> [WHAT IS BEING ASKED]:
Print all entries below exactly, without images.

> [EXERCISE MATERIAL]:
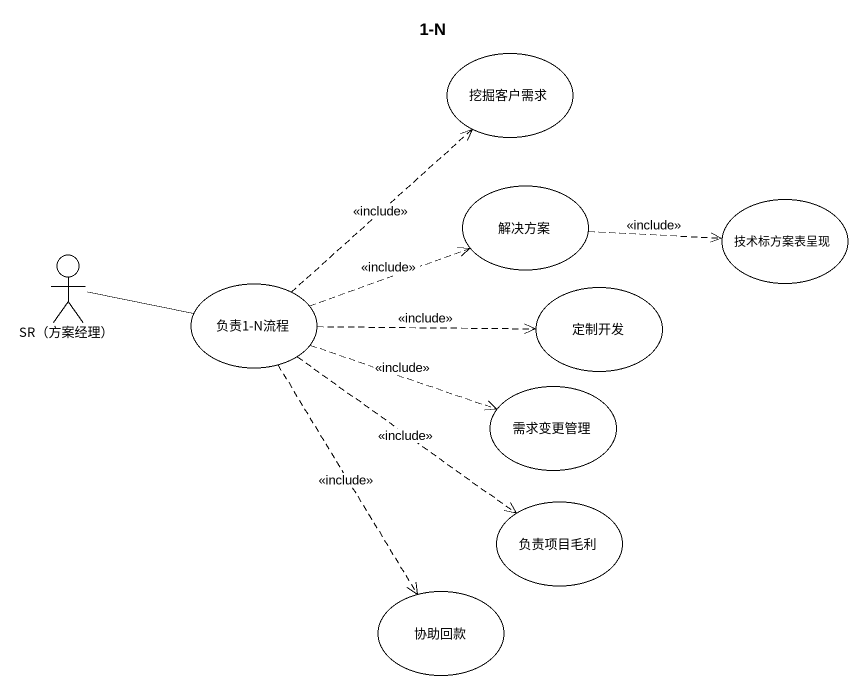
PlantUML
@startuml
title 1-N
usecase 挖掘客户需求
usecase 解决方案
usecase 技术标方案表呈现
actor "SR（方案经理）" as SR_方案经理
usecase "负责1-N流程" as 负责1_N流程
usecase 定制开发
usecase 需求变更管理
usecase 负责项目毛利
usecase 协助回款
解决方案 .right.> 技术标方案表呈现 : <<include>>
SR_方案经理 -right- 负责1_N流程
负责1_N流程 .up.> 挖掘客户需求 : <<include>>
负责1_N流程 .right.> 解决方案 : <<include>>
负责1_N流程 .right.> 定制开发 : <<include>>
负责1_N流程 .right.> 需求变更管理 : <<include>>
负责1_N流程 ..> 负责项目毛利 : <<include>>
负责1_N流程 ..> 协助回款 : <<include>>
@enduml

> [WRITTEN ANSWER]:
PlantUML
@startuml
title 1-N
usecase 挖掘客户需求
usecase 解决方案
usecase 技术标方案表呈现
actor "SR（方案经理）" as SR_方案经理
usecase "负责1-N流程" as 负责1_N流程
usecase 定制开发
usecase 需求变更管理
usecase 负责项目毛利
usecase 协助回款
解决方案 .right.> 技术标方案表呈现 : <<include>>
SR_方案经理 -right- 负责1_N流程
负责1_N流程 .up.> 挖掘客户需求 : <<include>>
负责1_N流程 .right.> 解决方案 : <<include>>
负责1_N流程 .right.> 定制开发 : <<include>>
负责1_N流程 .right.> 需求变更管理 : <<include>>
负责1_N流程 ..> 负责项目毛利 : <<include>>
负责1_N流程 ..> 协助回款 : <<include>>
@enduml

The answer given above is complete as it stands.